Semangat UI untuk mempersiapkan generasi muda yang berdaya saing dalam menyambut satu abad Indonesia juga dilakukan melalui berbagai kegiatan pengabdian masyarakat (pengmas), salah satunya program Metode Read Aloud dan Pojok Jendela Ilmu. Diketuai oleh Dr. Retno Lestari, M.Si, dosen di Departemen Biologi Fakultas Matematika dan Ilmu Pengetahuan Alam (FMIPA UI), program ini memiliki tujuan untuk meningkatkan literasi siswa sekolah dasar di SD Negeri Ramea 2, Pandeglang. 

Retno menjelaskan, kegemaran membaca merupakan bagian dari pengembangan kualitas intelektual bangsa yang perlu ditumbuhkan sedini mungkin. Sebagai proses berpikir, membaca mencakup aktivitas pengenalan kata, pemahaman literasi, interpretasi, membaca kritis, dan pemahaman kreatif. Untuk menumbuhkan generasi gemar membaca memerlukan proses yang panjang, metode yang menarik, dan suasana yang menyenangkan.
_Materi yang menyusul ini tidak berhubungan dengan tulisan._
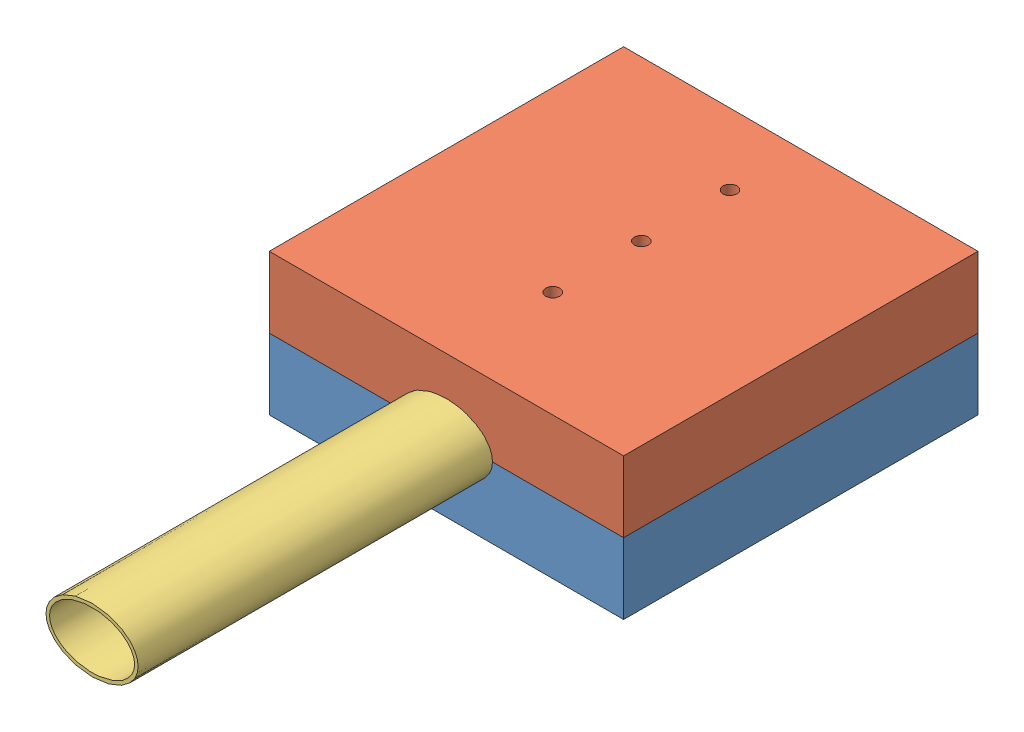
SolidWorks assembly 模具.SLDASM, configuration Default (file format 11000). Lengths in mm.
Overall size (100 40 200).
3 component instances, 3 part files, 0 mates.
Components (placement in the parent):
- down-1: down.SLDPRT [Default] at origin size (100 20 100)
- top-1: top.SLDPRT [Default] at origin size (100 20 100)
- 管件-1: 管件.SLDPRT [Default] at origin size (26 18.23 200)
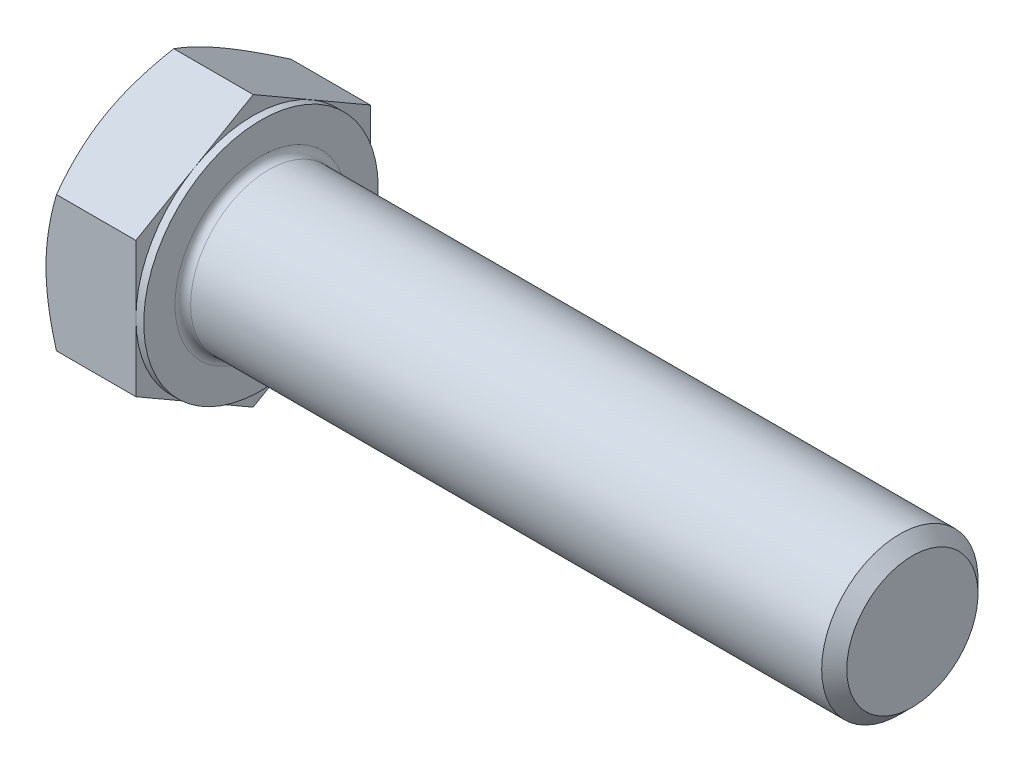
ISO-10303-21;
HEADER;
FILE_DESCRIPTION(('STEP AP214'),'2;1');
FILE_NAME('part.step','',(''),(''),'','','');
FILE_SCHEMA(('AUTOMOTIVE_DESIGN { 1 0 10303 214 1 1 1 1 }'));
ENDSEC;
DATA;
#1=APPLICATION_CONTEXT('core data for automotive mechanical design processes');
#2=APPLICATION_PROTOCOL_DEFINITION('international standard','automotive_design',2000,#1);
#3=PRODUCT_CONTEXT('',#1,'mechanical');
#4=PRODUCT('Part','Part','',(#3));
#5=PRODUCT_RELATED_PRODUCT_CATEGORY('part','',(#4));
#6=PRODUCT_DEFINITION_FORMATION('','',#4);
#7=PRODUCT_DEFINITION_CONTEXT('part definition',#1,'design');
#8=PRODUCT_DEFINITION('design','',#6,#7);
#9=PRODUCT_DEFINITION_SHAPE('','',#8);
#10=(LENGTH_UNIT() NAMED_UNIT(*) SI_UNIT(.MILLI.,.METRE.));
#11=(NAMED_UNIT(*) PLANE_ANGLE_UNIT() SI_UNIT($,.RADIAN.));
#12=(NAMED_UNIT(*) SI_UNIT($,.STERADIAN.) SOLID_ANGLE_UNIT());
#13=UNCERTAINTY_MEASURE_WITH_UNIT(LENGTH_MEASURE(1.E-05),#10,'distance_accuracy_value','');
#14=(GEOMETRIC_REPRESENTATION_CONTEXT(3) GLOBAL_UNCERTAINTY_ASSIGNED_CONTEXT((#13)) GLOBAL_UNIT_ASSIGNED_CONTEXT((#10,
#11,#12)) REPRESENTATION_CONTEXT('',''));
#15=CARTESIAN_POINT('',(0.,0.,0.));
#16=DIRECTION('',(0.,0.,1.));
#17=DIRECTION('',(1.,0.,0.));
#18=AXIS2_PLACEMENT_3D('',#15,#16,#17);
#19=CARTESIAN_POINT('',(7.5,10.3923048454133,0.));
#20=DIRECTION('',(1.,0.,0.));
#21=DIRECTION('',(0.,0.,-1.));
#22=AXIS2_PLACEMENT_3D('',#19,#20,#21);
#23=PLANE('',#22);
#24=CARTESIAN_POINT('',(7.5,0.,0.));
#25=DIRECTION('',(1.,0.,0.));
#26=DIRECTION('',(0.,0.,-1.));
#27=AXIS2_PLACEMENT_3D('',#24,#25,#26);
#28=CIRCLE('',#27,6.6);
#29=CARTESIAN_POINT('',(7.5,0.,-6.6));
#30=VERTEX_POINT('',#29);
#31=EDGE_CURVE('E39',#30,#30,#28,.F.);
#32=ORIENTED_EDGE('',*,*,#31,.T.);
#33=EDGE_LOOP('',(#32));
#34=FACE_BOUND('',#33,.T.);
#35=CARTESIAN_POINT('',(7.5,0.,0.));
#36=DIRECTION('',(1.,0.,0.));
#37=DIRECTION('',(0.,0.,-1.));
#38=AXIS2_PLACEMENT_3D('',#35,#36,#37);
#39=CIRCLE('',#38,9.);
#40=CARTESIAN_POINT('',(7.5,0.,-9.));
#41=VERTEX_POINT('',#40);
#42=EDGE_CURVE('E290',#41,#41,#39,.T.);
#43=ORIENTED_EDGE('',*,*,#42,.T.);
#44=EDGE_LOOP('',(#43));
#45=FACE_BOUND('',#44,.T.);
#46=ADVANCED_FACE('F31',(#34,#45),#23,.T.);
#47=CARTESIAN_POINT('',(0.,0.,0.));
#48=DIRECTION('',(-1.,0.,0.));
#49=DIRECTION('',(0.,0.,1.));
#50=AXIS2_PLACEMENT_3D('',#47,#48,#49);
#51=CYLINDRICAL_SURFACE('',#50,6.);
#52=CARTESIAN_POINT('',(8.1,0.,0.));
#53=DIRECTION('',(1.,0.,0.));
#54=DIRECTION('',(0.,0.,-1.));
#55=AXIS2_PLACEMENT_3D('',#52,#53,#54);
#56=CIRCLE('',#55,6.);
#57=CARTESIAN_POINT('',(8.1,0.,-6.));
#58=VERTEX_POINT('',#57);
#59=EDGE_CURVE('E11',#58,#58,#56,.T.);
#60=ORIENTED_EDGE('',*,*,#59,.T.);
#61=EDGE_LOOP('',(#60));
#62=FACE_BOUND('',#61,.T.);
#63=CARTESIAN_POINT('',(56.536,0.,0.));
#64=DIRECTION('',(-1.,0.,0.));
#65=DIRECTION('',(0.,0.,1.));
#66=AXIS2_PLACEMENT_3D('',#63,#64,#65);
#67=CIRCLE('',#66,6.);
#68=CARTESIAN_POINT('',(56.536,0.,6.));
#69=VERTEX_POINT('',#68);
#70=EDGE_CURVE('E269',#69,#69,#67,.T.);
#71=ORIENTED_EDGE('',*,*,#70,.T.);
#72=EDGE_LOOP('',(#71));
#73=FACE_BOUND('',#72,.T.);
#74=ADVANCED_FACE('F243',(#62,#73),#51,.T.);
#75=CARTESIAN_POINT('',(57.5,0.,0.));
#76=DIRECTION('',(-1.,0.,0.));
#77=DIRECTION('',(0.,0.,1.));
#78=AXIS2_PLACEMENT_3D('',#75,#76,#77);
#79=CONICAL_SURFACE('',#78,5.036,0.785398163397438);
#80=ORIENTED_EDGE('',*,*,#70,.F.);
#81=EDGE_LOOP('',(#80));
#82=FACE_BOUND('',#81,.T.);
#83=CARTESIAN_POINT('',(57.5,0.,0.));
#84=DIRECTION('',(-1.,0.,0.));
#85=DIRECTION('',(0.,0.,1.));
#86=AXIS2_PLACEMENT_3D('',#83,#84,#85);
#87=CIRCLE('',#86,5.036);
#88=CARTESIAN_POINT('',(57.5,0.,5.036));
#89=VERTEX_POINT('',#88);
#90=EDGE_CURVE('E267',#89,#89,#87,.T.);
#91=ORIENTED_EDGE('',*,*,#90,.T.);
#92=EDGE_LOOP('',(#91));
#93=FACE_BOUND('',#92,.T.);
#94=ADVANCED_FACE('F248',(#82,#93),#79,.T.);
#95=CARTESIAN_POINT('',(57.5,0.,0.));
#96=DIRECTION('',(-1.,0.,0.));
#97=DIRECTION('',(0.,0.,1.));
#98=AXIS2_PLACEMENT_3D('',#95,#96,#97);
#99=PLANE('',#98);
#100=ORIENTED_EDGE('',*,*,#90,.F.);
#101=EDGE_LOOP('',(#100));
#102=FACE_BOUND('',#101,.T.);
#103=ADVANCED_FACE('F255',(#102),#99,.F.);
#104=CARTESIAN_POINT('',(6.9,9.,0.));
#105=DIRECTION('',(1.,0.,0.));
#106=DIRECTION('',(0.,0.,-1.));
#107=AXIS2_PLACEMENT_3D('',#104,#105,#106);
#108=PLANE('',#107);
#109=DIRECTION('',(0.,0.500000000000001,0.866025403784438));
#110=VECTOR('',#109,1.);
#111=CARTESIAN_POINT('',(6.9,5.19615242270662,-9.));
#112=LINE('',#111,#110);
#113=CARTESIAN_POINT('',(6.9,5.19615242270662,-9.));
#114=VERTEX_POINT('',#113);
#115=CARTESIAN_POINT('',(6.9,7.79422863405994,-4.50000000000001));
#116=VERTEX_POINT('',#115);
#117=EDGE_CURVE('E163',#114,#116,#112,.T.);
#118=ORIENTED_EDGE('',*,*,#117,.T.);
#119=CARTESIAN_POINT('',(6.9,0.,0.));
#120=DIRECTION('',(-1.,0.,0.));
#121=DIRECTION('',(0.,0.,1.));
#122=AXIS2_PLACEMENT_3D('',#119,#120,#121);
#123=CIRCLE('',#122,9.);
#124=CARTESIAN_POINT('',(6.9,0.,-9.));
#125=VERTEX_POINT('',#124);
#126=EDGE_CURVE('E46',#116,#125,#123,.T.);
#127=ORIENTED_EDGE('',*,*,#126,.T.);
#128=DIRECTION('',(0.,1.,0.));
#129=VECTOR('',#128,1.);
#130=CARTESIAN_POINT('',(6.9,5.19615242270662,-9.));
#131=LINE('',#130,#129);
#132=EDGE_CURVE('E293',#125,#114,#131,.T.);
#133=ORIENTED_EDGE('',*,*,#132,.T.);
#134=EDGE_LOOP('',(#118,#127,#133));
#135=FACE_BOUND('',#134,.T.);
#136=ADVANCED_FACE('F258',(#135),#108,.T.);
#137=CARTESIAN_POINT('',(6.9,10.3923048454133,0.));
#138=VERTEX_POINT('',#137);
#139=EDGE_CURVE('E161',#116,#138,#112,.T.);
#140=ORIENTED_EDGE('',*,*,#139,.T.);
#141=DIRECTION('',(0.,-0.500000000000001,0.866025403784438));
#142=VECTOR('',#141,1.);
#143=CARTESIAN_POINT('',(6.9,10.3923048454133,0.));
#144=LINE('',#143,#142);
#145=CARTESIAN_POINT('',(6.9,7.79422863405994,4.50000000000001));
#146=VERTEX_POINT('',#145);
#147=EDGE_CURVE('E160',#138,#146,#144,.T.);
#148=ORIENTED_EDGE('',*,*,#147,.T.);
#149=EDGE_CURVE('E149',#146,#116,#123,.T.);
#150=ORIENTED_EDGE('',*,*,#149,.T.);
#151=EDGE_LOOP('',(#140,#148,#150));
#152=FACE_BOUND('',#151,.T.);
#153=ADVANCED_FACE('F263',(#152),#108,.T.);
#154=CARTESIAN_POINT('',(6.9,5.19615242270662,9.));
#155=VERTEX_POINT('',#154);
#156=EDGE_CURVE('E128',#146,#155,#144,.T.);
#157=ORIENTED_EDGE('',*,*,#156,.T.);
#158=DIRECTION('',(0.,-1.,0.));
#159=VECTOR('',#158,1.);
#160=CARTESIAN_POINT('',(6.9,5.19615242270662,9.));
#161=LINE('',#160,#159);
#162=CARTESIAN_POINT('',(6.9,0.,9.));
#163=VERTEX_POINT('',#162);
#164=EDGE_CURVE('E122',#155,#163,#161,.T.);
#165=ORIENTED_EDGE('',*,*,#164,.T.);
#166=EDGE_CURVE('E126',#163,#146,#123,.T.);
#167=ORIENTED_EDGE('',*,*,#166,.T.);
#168=EDGE_LOOP('',(#157,#165,#167));
#169=FACE_BOUND('',#168,.T.);
#170=ADVANCED_FACE('F124',(#169),#108,.T.);
#171=CARTESIAN_POINT('',(6.9,-5.19615242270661,9.));
#172=VERTEX_POINT('',#171);
#173=EDGE_CURVE('E132',#163,#172,#161,.T.);
#174=ORIENTED_EDGE('',*,*,#173,.T.);
#175=DIRECTION('',(0.,-0.500000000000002,-0.866025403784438));
#176=VECTOR('',#175,1.);
#177=CARTESIAN_POINT('',(6.9,-10.3923048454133,0.));
#178=LINE('',#177,#176);
#179=CARTESIAN_POINT('',(6.9,-7.79422863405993,4.50000000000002));
#180=VERTEX_POINT('',#179);
#181=EDGE_CURVE('E139',#172,#180,#178,.T.);
#182=ORIENTED_EDGE('',*,*,#181,.T.);
#183=EDGE_CURVE('E136',#180,#163,#123,.T.);
#184=ORIENTED_EDGE('',*,*,#183,.T.);
#185=EDGE_LOOP('',(#174,#182,#184));
#186=FACE_BOUND('',#185,.T.);
#187=ADVANCED_FACE('F137',(#186),#108,.T.);
#188=CARTESIAN_POINT('',(6.9,-10.3923048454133,0.));
#189=VERTEX_POINT('',#188);
#190=EDGE_CURVE('E155',#180,#189,#178,.T.);
#191=ORIENTED_EDGE('',*,*,#190,.T.);
#192=DIRECTION('',(0.,0.5,-0.866025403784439));
#193=VECTOR('',#192,1.);
#194=CARTESIAN_POINT('',(6.9,-5.19615242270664,-9.));
#195=LINE('',#194,#193);
#196=CARTESIAN_POINT('',(6.9,-7.79422863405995,-4.49999999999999));
#197=VERTEX_POINT('',#196);
#198=EDGE_CURVE('E331',#189,#197,#195,.T.);
#199=ORIENTED_EDGE('',*,*,#198,.T.);
#200=EDGE_CURVE('E143',#197,#180,#123,.T.);
#201=ORIENTED_EDGE('',*,*,#200,.T.);
#202=EDGE_LOOP('',(#191,#199,#201));
#203=FACE_BOUND('',#202,.T.);
#204=ADVANCED_FACE('F332',(#203),#108,.T.);
#205=CARTESIAN_POINT('',(6.9,-5.19615242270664,-9.));
#206=VERTEX_POINT('',#205);
#207=EDGE_CURVE('E150',#197,#206,#195,.T.);
#208=ORIENTED_EDGE('',*,*,#207,.T.);
#209=EDGE_CURVE('E294',#206,#125,#131,.T.);
#210=ORIENTED_EDGE('',*,*,#209,.T.);
#211=EDGE_CURVE('E301',#125,#197,#123,.T.);
#212=ORIENTED_EDGE('',*,*,#211,.T.);
#213=EDGE_LOOP('',(#208,#210,#212));
#214=FACE_BOUND('',#213,.T.);
#215=ADVANCED_FACE('F264',(#214),#108,.T.);
#216=CARTESIAN_POINT('',(0.,0.,0.));
#217=DIRECTION('',(-1.,0.,0.));
#218=DIRECTION('',(0.,0.,1.));
#219=AXIS2_PLACEMENT_3D('',#216,#217,#218);
#220=CYLINDRICAL_SURFACE('',#219,9.);
#221=ORIENTED_EDGE('',*,*,#126,.F.);
#222=ORIENTED_EDGE('',*,*,#149,.F.);
#223=ORIENTED_EDGE('',*,*,#166,.F.);
#224=ORIENTED_EDGE('',*,*,#183,.F.);
#225=ORIENTED_EDGE('',*,*,#200,.F.);
#226=ORIENTED_EDGE('',*,*,#211,.F.);
#227=EDGE_LOOP('',(#221,#222,#223,#224,#225,#226));
#228=FACE_BOUND('',#227,.T.);
#229=ORIENTED_EDGE('',*,*,#42,.F.);
#230=EDGE_LOOP('',(#229));
#231=FACE_BOUND('',#230,.T.);
#232=ADVANCED_FACE('F146',(#228,#231),#220,.T.);
#233=CARTESIAN_POINT('',(0.,10.3923048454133,0.));
#234=DIRECTION('',(1.,0.,0.));
#235=DIRECTION('',(0.,0.,-1.));
#236=AXIS2_PLACEMENT_3D('',#233,#234,#235);
#237=PLANE('',#236);
#238=CARTESIAN_POINT('',(0.,0.,0.));
#239=DIRECTION('',(1.,0.,0.));
#240=DIRECTION('',(0.,0.,-1.));
#241=AXIS2_PLACEMENT_3D('',#238,#239,#240);
#242=CIRCLE('',#241,9.);
#243=CARTESIAN_POINT('',(0.,0.,-9.));
#244=VERTEX_POINT('',#243);
#245=CARTESIAN_POINT('',(0.,7.79422863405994,-4.50000000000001));
#246=VERTEX_POINT('',#245);
#247=EDGE_CURVE('E289',#244,#246,#242,.T.);
#248=ORIENTED_EDGE('',*,*,#247,.F.);
#249=CARTESIAN_POINT('',(0.,-7.79422863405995,-4.5));
#250=VERTEX_POINT('',#249);
#251=EDGE_CURVE('E285',#250,#244,#242,.T.);
#252=ORIENTED_EDGE('',*,*,#251,.F.);
#253=CARTESIAN_POINT('',(0.,-7.79422863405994,4.50000000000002));
#254=VERTEX_POINT('',#253);
#255=EDGE_CURVE('E288',#254,#250,#242,.T.);
#256=ORIENTED_EDGE('',*,*,#255,.F.);
#257=CARTESIAN_POINT('',(0.,0.,9.));
#258=VERTEX_POINT('',#257);
#259=EDGE_CURVE('E324',#258,#254,#242,.T.);
#260=ORIENTED_EDGE('',*,*,#259,.F.);
#261=CARTESIAN_POINT('',(0.,0.,0.));
#262=DIRECTION('',(-1.,0.,0.));
#263=DIRECTION('',(0.,0.,1.));
#264=AXIS2_PLACEMENT_3D('',#261,#262,#263);
#265=CIRCLE('',#264,9.);
#266=CARTESIAN_POINT('',(0.,7.79422863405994,4.50000000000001));
#267=VERTEX_POINT('',#266);
#268=EDGE_CURVE('E164',#258,#267,#265,.T.);
#269=ORIENTED_EDGE('',*,*,#268,.T.);
#270=EDGE_CURVE('E347',#246,#267,#242,.T.);
#271=ORIENTED_EDGE('',*,*,#270,.F.);
#272=EDGE_LOOP('',(#248,#252,#256,#260,#269,#271));
#273=FACE_BOUND('',#272,.T.);
#274=ADVANCED_FACE('F193',(#273),#237,.F.);
#275=CARTESIAN_POINT('',(0.,0.,0.));
#276=DIRECTION('',(1.,0.,0.));
#277=DIRECTION('',(0.,0.,-1.));
#278=AXIS2_PLACEMENT_3D('',#275,#276,#277);
#279=CONICAL_SURFACE('',#278,9.,1.0471975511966);
#280=CARTESIAN_POINT('',(0.803914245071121,5.19603695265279,9.0002));
#281=CARTESIAN_POINT('',(0.737982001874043,5.31024090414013,8.80239295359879));
#282=CARTESIAN_POINT('',(0.675041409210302,5.42489028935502,8.60381439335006));
#283=CARTESIAN_POINT('',(0.555968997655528,5.65512011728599,8.20504463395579));
#284=CARTESIAN_POINT('',(0.499840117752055,5.77070093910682,8.00485277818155));
#285=CARTESIAN_POINT('',(0.395151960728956,6.00300811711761,7.60248494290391));
#286=CARTESIAN_POINT('',(0.34661077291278,6.11973652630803,7.40030540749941));
#287=CARTESIAN_POINT('',(0.258148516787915,6.35398725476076,6.99457124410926));
#288=CARTESIAN_POINT('',(0.218225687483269,6.47150940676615,6.7910169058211));
#289=CARTESIAN_POINT('',(0.148684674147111,6.70436794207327,6.38769409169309));
#290=CARTESIAN_POINT('',(0.118837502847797,6.81968712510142,6.187955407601));
#291=CARTESIAN_POINT('',(0.0687933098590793,7.05084147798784,5.78758432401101));
#292=CARTESIAN_POINT('',(0.0485954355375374,7.16667660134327,5.5869520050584));
#293=CARTESIAN_POINT('',(0.0183543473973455,7.39854776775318,5.18533936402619));
#294=CARTESIAN_POINT('',(0.0082996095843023,7.51458343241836,4.98435969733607));
#295=CARTESIAN_POINT('',(-0.0014376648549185,7.74676155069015,4.58221540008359));
#296=CARTESIAN_POINT('',(-0.00112052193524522,7.86290400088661,4.38105077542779));
#297=CARTESIAN_POINT('',(0.00916395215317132,8.08003584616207,4.00496738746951));
#298=CARTESIAN_POINT('',(0.0178767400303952,8.18104055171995,3.83002210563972));
#299=CARTESIAN_POINT('',(0.0429773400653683,8.38281337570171,3.48054132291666));
#300=CARTESIAN_POINT('',(0.0593656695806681,8.4835814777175,3.30600585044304));
#301=CARTESIAN_POINT('',(0.119656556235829,8.7854956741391,2.7830751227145));
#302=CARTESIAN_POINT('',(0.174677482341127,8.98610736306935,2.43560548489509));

“Metode Read Aloud merupakan metode membaca nyaring yang dilakukan secara berkelompok. Membaca nyaring merupakan kegiatan membaca buku yang dilakukan secara menarik dengan cara yang menyenangkan,” ujar Retno. 

Retno menambahkan, selain pengmas Read Aloud dan Pojok Jendela Ilmu, ia juga menginisiasi program Sainskademi. Program yang diperuntukkan bagi siswa SD ini dilakukan dengan melakukan eksperimen-eksperimen sains dengan bahan-bahan sederhana. Kegiatan yang telah dilakukan di Pandeglang, Bogor, dan Yogyakarta ini bertujuan mengajak anak-anak mempelajari dan memahami fenomena alam yang terjadi secara saintifik.

“Kami juga menyelenggarakan program mitigasi bencana bagi anak-anak. Program ini dilakukan dengan bermain ular tangga yang diselingi dengan pertanyaan-pertanyaan terkait pengetahuan bencana alam. Program mitigasi juga dilakukan melalui dongeng,” ucap Retno. 

Menurut Retno, Visi Indonesia Emas 2045 dapat terwujud dengan adanya sumber daya manusia yang mempunyai kemampuan literasi yang baik. Seiring dengan pesatnya perkembangan teknologi dan arus informasi, penting bagi generasi muda untuk mempersiapkan diri memiliki pengetahuan yang luas untuk mengatasi berbagai persoalan bangsa yang sejalan dengan perkembangan zaman. Oleh karena itu, budaya literasi sangat perlu dipupuk sejak dini demi tercipta SDM unggul dan cemerlang. 

“Program literasi ini juga mendukung tercapainya SDGs nomor 3, yakni Pendidikan yang Berkualitas. Salah satu pintu utama untuk mencapai pendidikan yang berkualitas dan merata adalah meningkatkan budaya literasi yang merupakan akses terhadap ilmu pengetahuan.”